→ Description of the task
Within the entries below, find every line that has the string "diagram", then copy it.
[Dataset entries]
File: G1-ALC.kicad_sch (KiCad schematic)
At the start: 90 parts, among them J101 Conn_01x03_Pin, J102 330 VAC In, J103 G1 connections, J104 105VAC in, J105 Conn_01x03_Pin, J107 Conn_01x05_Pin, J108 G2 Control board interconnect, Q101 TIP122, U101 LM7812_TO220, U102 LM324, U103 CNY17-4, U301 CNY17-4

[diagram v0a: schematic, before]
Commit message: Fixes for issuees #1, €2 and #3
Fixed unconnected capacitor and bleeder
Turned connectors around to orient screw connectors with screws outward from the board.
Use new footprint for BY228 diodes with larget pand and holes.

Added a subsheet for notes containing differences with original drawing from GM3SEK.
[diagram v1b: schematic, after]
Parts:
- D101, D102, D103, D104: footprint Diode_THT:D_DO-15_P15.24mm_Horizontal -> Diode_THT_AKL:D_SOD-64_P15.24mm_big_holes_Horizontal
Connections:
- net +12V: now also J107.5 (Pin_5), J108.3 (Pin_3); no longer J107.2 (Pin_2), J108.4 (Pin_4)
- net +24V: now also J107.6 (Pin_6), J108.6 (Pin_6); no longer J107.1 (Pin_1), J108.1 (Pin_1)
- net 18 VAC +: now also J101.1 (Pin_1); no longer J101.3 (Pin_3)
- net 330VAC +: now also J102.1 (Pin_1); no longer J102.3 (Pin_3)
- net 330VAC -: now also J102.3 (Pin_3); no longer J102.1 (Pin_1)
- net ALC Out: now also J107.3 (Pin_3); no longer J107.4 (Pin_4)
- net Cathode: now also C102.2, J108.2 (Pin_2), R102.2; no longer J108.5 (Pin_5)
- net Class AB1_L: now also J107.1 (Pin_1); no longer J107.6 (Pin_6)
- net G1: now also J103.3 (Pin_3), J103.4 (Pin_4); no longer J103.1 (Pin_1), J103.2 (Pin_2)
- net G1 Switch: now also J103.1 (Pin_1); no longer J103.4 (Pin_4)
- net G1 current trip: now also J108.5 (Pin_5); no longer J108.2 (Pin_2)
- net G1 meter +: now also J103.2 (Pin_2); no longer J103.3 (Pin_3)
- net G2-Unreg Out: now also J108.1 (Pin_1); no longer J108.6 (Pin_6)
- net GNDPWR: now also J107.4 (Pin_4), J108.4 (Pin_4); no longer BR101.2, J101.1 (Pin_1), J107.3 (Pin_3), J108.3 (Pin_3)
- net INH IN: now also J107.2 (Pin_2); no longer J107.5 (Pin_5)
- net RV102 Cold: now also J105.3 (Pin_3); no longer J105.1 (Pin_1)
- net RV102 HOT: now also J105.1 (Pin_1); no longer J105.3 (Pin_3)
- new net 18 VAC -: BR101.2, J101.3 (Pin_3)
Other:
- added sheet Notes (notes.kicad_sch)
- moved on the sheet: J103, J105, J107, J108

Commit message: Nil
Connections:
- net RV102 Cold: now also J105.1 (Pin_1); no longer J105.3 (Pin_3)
[/Dataset entries]
→ Solution to the exercise
[diagram v0a: schematic, before]
[diagram v1b: schematic, after]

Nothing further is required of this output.